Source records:
§

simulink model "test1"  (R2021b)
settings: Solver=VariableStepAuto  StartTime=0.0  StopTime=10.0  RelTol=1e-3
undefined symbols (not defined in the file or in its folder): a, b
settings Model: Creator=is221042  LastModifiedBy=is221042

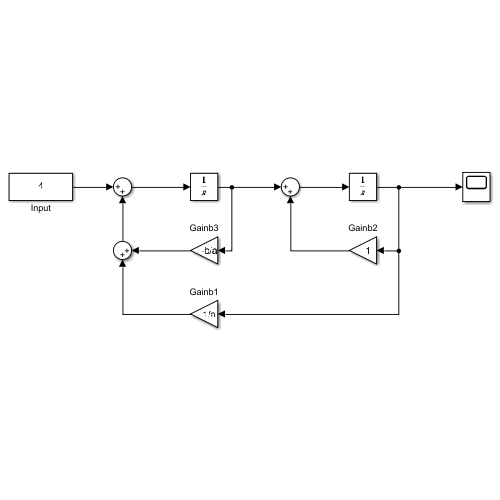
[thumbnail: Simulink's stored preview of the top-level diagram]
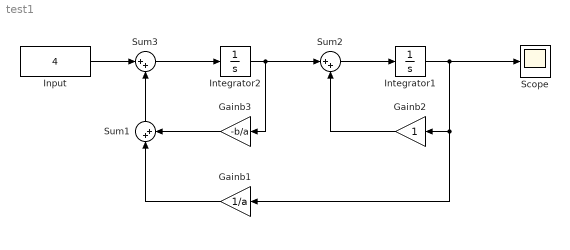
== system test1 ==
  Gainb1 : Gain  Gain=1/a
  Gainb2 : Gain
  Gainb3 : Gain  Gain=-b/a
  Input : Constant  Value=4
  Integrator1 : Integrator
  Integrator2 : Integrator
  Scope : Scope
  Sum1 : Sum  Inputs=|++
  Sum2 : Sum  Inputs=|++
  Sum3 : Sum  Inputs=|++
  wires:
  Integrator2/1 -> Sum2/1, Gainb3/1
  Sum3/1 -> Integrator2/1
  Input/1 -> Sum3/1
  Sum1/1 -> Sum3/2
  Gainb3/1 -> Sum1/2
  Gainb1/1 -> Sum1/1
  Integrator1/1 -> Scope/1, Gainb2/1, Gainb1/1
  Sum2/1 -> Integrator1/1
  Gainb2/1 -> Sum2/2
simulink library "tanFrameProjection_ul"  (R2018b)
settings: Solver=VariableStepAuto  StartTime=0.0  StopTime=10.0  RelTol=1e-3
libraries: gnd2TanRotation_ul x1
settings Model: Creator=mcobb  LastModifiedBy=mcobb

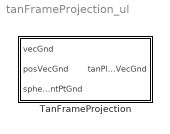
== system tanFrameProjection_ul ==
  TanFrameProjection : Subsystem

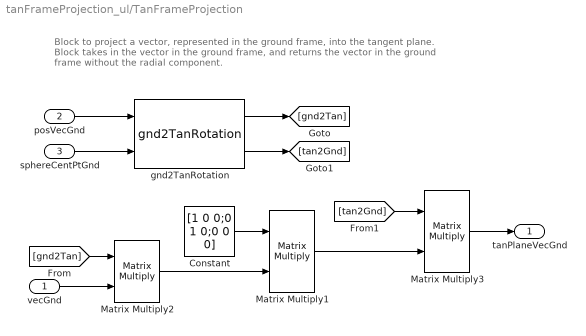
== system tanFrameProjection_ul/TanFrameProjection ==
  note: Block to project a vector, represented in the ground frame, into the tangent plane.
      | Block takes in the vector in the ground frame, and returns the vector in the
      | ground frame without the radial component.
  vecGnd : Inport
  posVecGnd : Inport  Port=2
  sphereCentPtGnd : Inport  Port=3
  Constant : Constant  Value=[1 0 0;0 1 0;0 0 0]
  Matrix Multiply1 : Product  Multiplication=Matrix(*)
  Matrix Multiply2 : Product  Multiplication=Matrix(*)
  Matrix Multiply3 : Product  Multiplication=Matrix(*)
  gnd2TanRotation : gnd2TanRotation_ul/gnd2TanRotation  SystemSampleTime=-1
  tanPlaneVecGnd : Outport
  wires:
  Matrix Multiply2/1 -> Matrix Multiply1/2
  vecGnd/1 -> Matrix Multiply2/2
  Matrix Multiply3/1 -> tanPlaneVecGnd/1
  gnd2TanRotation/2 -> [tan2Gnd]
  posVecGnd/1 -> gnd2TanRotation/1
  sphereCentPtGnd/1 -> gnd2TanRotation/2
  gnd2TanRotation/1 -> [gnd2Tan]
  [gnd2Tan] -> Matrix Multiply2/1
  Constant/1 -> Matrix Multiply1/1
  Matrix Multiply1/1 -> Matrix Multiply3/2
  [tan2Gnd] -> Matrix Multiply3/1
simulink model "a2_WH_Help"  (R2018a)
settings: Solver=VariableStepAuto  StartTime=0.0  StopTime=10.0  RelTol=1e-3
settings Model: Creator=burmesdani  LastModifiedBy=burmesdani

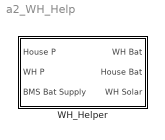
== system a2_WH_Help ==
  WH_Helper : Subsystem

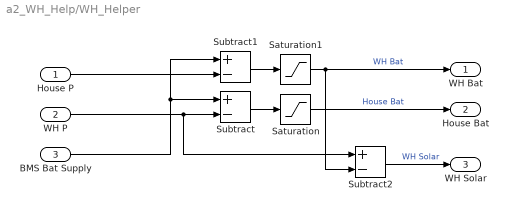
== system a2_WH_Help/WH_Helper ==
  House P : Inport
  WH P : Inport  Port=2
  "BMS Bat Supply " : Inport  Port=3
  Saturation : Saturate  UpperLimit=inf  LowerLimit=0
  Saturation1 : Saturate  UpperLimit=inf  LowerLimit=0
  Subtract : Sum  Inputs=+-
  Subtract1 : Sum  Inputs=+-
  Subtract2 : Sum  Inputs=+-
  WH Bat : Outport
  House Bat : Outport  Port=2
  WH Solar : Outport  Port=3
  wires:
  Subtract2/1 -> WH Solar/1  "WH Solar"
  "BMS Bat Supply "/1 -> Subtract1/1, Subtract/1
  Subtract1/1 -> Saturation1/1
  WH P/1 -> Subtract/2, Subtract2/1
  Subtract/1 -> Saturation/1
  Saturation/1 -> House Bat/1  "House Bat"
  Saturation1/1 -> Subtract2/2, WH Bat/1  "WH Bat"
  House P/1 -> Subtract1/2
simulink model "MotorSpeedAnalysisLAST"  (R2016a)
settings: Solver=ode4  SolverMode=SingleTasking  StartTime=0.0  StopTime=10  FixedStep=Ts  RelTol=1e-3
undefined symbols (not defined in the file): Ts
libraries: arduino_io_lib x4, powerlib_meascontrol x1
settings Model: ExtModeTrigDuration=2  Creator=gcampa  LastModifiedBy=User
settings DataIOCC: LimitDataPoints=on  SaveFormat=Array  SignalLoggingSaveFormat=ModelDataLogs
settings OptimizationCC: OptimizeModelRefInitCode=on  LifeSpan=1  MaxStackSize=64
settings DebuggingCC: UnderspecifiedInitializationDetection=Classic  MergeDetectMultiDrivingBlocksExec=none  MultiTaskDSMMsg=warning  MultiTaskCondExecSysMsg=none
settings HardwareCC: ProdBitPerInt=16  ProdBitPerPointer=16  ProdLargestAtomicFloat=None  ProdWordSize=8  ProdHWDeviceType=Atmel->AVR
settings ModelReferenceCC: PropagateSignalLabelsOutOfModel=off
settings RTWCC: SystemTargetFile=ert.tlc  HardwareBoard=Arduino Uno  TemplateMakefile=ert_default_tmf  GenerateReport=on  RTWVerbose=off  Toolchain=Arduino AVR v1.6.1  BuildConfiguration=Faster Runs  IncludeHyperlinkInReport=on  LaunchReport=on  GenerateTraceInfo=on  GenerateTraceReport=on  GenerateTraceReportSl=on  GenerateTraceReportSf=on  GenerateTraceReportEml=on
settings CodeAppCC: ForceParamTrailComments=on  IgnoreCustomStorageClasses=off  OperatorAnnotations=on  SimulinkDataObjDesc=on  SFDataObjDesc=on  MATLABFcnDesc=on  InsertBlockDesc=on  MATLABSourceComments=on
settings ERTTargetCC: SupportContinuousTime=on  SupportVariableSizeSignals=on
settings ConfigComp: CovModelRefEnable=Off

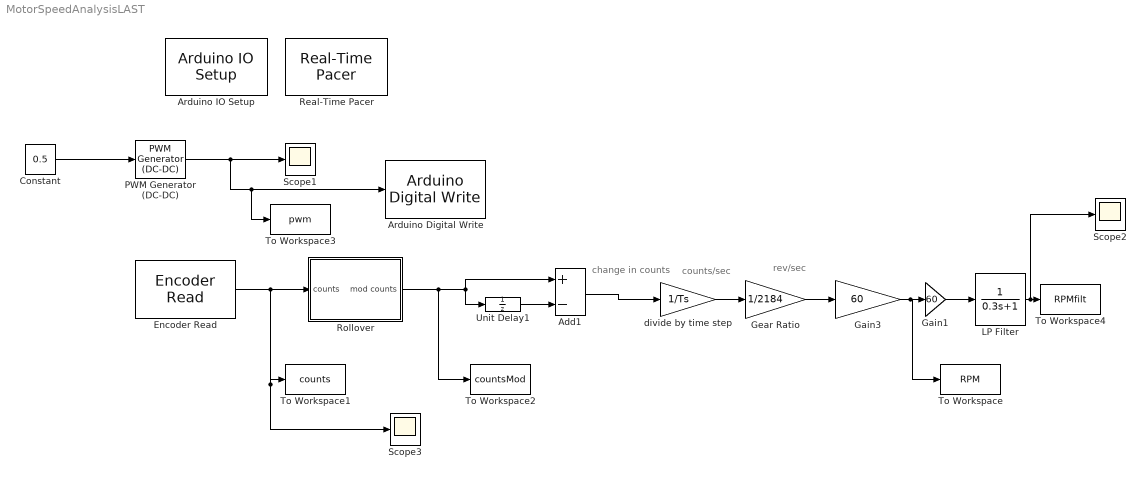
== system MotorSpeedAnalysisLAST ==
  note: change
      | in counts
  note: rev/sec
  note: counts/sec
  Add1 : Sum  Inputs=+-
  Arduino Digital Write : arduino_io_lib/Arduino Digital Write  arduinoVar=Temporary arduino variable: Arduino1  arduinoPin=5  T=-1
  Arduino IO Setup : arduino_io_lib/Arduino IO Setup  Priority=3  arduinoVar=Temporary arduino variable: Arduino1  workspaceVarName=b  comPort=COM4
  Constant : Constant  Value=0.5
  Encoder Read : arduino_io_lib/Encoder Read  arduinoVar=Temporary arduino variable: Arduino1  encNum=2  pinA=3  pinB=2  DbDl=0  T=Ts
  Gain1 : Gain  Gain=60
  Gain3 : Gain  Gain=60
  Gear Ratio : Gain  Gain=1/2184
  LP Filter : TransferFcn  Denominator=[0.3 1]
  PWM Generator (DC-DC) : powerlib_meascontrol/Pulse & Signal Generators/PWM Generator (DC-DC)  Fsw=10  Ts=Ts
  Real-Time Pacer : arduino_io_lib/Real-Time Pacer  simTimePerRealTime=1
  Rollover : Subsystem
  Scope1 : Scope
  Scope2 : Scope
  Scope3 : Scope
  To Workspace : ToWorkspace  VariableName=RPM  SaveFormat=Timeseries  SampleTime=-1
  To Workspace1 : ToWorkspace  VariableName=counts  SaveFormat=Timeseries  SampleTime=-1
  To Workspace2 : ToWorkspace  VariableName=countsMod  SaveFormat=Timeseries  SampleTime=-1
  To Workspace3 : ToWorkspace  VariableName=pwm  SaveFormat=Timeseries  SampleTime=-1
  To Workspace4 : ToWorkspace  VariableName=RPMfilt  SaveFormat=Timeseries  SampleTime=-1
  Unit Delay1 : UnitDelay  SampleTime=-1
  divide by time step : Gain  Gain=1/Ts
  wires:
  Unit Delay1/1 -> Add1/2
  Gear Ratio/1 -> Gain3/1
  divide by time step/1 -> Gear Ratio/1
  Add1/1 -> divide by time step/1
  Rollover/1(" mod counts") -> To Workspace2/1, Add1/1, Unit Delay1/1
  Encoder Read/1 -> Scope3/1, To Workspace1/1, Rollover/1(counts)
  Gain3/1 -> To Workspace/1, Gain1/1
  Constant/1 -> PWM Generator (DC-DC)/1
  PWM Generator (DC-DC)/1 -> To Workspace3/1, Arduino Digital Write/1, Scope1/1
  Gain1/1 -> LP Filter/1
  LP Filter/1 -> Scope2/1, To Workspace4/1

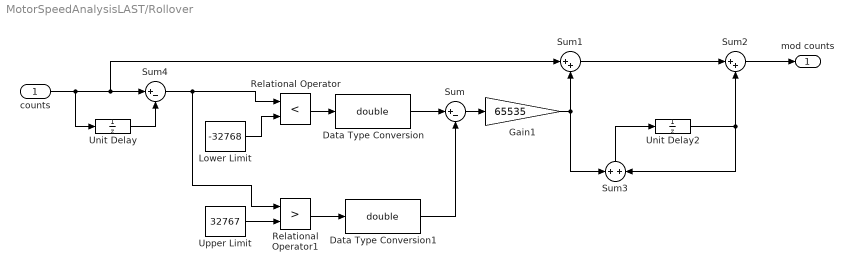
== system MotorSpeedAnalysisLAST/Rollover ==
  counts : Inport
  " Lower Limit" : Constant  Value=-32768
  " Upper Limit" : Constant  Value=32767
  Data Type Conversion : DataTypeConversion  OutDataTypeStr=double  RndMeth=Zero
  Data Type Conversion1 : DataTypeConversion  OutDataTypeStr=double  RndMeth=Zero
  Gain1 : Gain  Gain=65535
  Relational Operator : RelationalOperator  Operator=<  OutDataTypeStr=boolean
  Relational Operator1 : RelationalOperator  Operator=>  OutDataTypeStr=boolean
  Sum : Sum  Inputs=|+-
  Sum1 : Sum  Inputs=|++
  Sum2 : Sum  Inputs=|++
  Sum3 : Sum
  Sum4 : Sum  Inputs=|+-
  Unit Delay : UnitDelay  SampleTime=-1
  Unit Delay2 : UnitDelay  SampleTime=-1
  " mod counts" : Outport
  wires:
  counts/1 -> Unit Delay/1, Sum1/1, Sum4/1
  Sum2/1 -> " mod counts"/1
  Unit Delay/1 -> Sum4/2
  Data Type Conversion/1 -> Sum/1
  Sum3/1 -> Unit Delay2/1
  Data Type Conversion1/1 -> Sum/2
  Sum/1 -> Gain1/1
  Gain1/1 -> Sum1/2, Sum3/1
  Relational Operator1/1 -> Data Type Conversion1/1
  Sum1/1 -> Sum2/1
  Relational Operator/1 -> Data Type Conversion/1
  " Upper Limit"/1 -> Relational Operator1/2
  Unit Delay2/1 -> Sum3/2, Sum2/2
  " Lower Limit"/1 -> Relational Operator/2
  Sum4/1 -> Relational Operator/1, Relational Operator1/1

§

ACTIVITY: Starting with the first line of the data above and ending with the line containing "returns the vector in the", please restate every line exactly, leaving images out.

ANSWER TO THIS TASK:
simulink model "test1"  (R2021b)
settings: Solver=VariableStepAuto  StartTime=0.0  StopTime=10.0  RelTol=1e-3
undefined symbols (not defined in the file or in its folder): a, b
settings Model: Creator=is221042  LastModifiedBy=is221042

[thumbnail: Simulink's stored preview of the top-level diagram]
== system test1 ==
  Gainb1 : Gain  Gain=1/a
  Gainb2 : Gain
  Gainb3 : Gain  Gain=-b/a
  Input : Constant  Value=4
  Integrator1 : Integrator
  Integrator2 : Integrator
  Scope : Scope
  Sum1 : Sum  Inputs=|++
  Sum2 : Sum  Inputs=|++
  Sum3 : Sum  Inputs=|++
  wires:
  Integrator2/1 -> Sum2/1, Gainb3/1
  Sum3/1 -> Integrator2/1
  Input/1 -> Sum3/1
  Sum1/1 -> Sum3/2
  Gainb3/1 -> Sum1/2
  Gainb1/1 -> Sum1/1
  Integrator1/1 -> Scope/1, Gainb2/1, Gainb1/1
  Sum2/1 -> Integrator1/1
  Gainb2/1 -> Sum2/2
simulink library "tanFrameProjection_ul"  (R2018b)
settings: Solver=VariableStepAuto  StartTime=0.0  StopTime=10.0  RelTol=1e-3
libraries: gnd2TanRotation_ul x1
settings Model: Creator=mcobb  LastModifiedBy=mcobb

== system tanFrameProjection_ul ==
  TanFrameProjection : Subsystem

== system tanFrameProjection_ul/TanFrameProjection ==
  note: Block to project a vector, represented in the ground frame, into the tangent plane.
      | Block takes in the vector in the ground frame, and returns the vector in the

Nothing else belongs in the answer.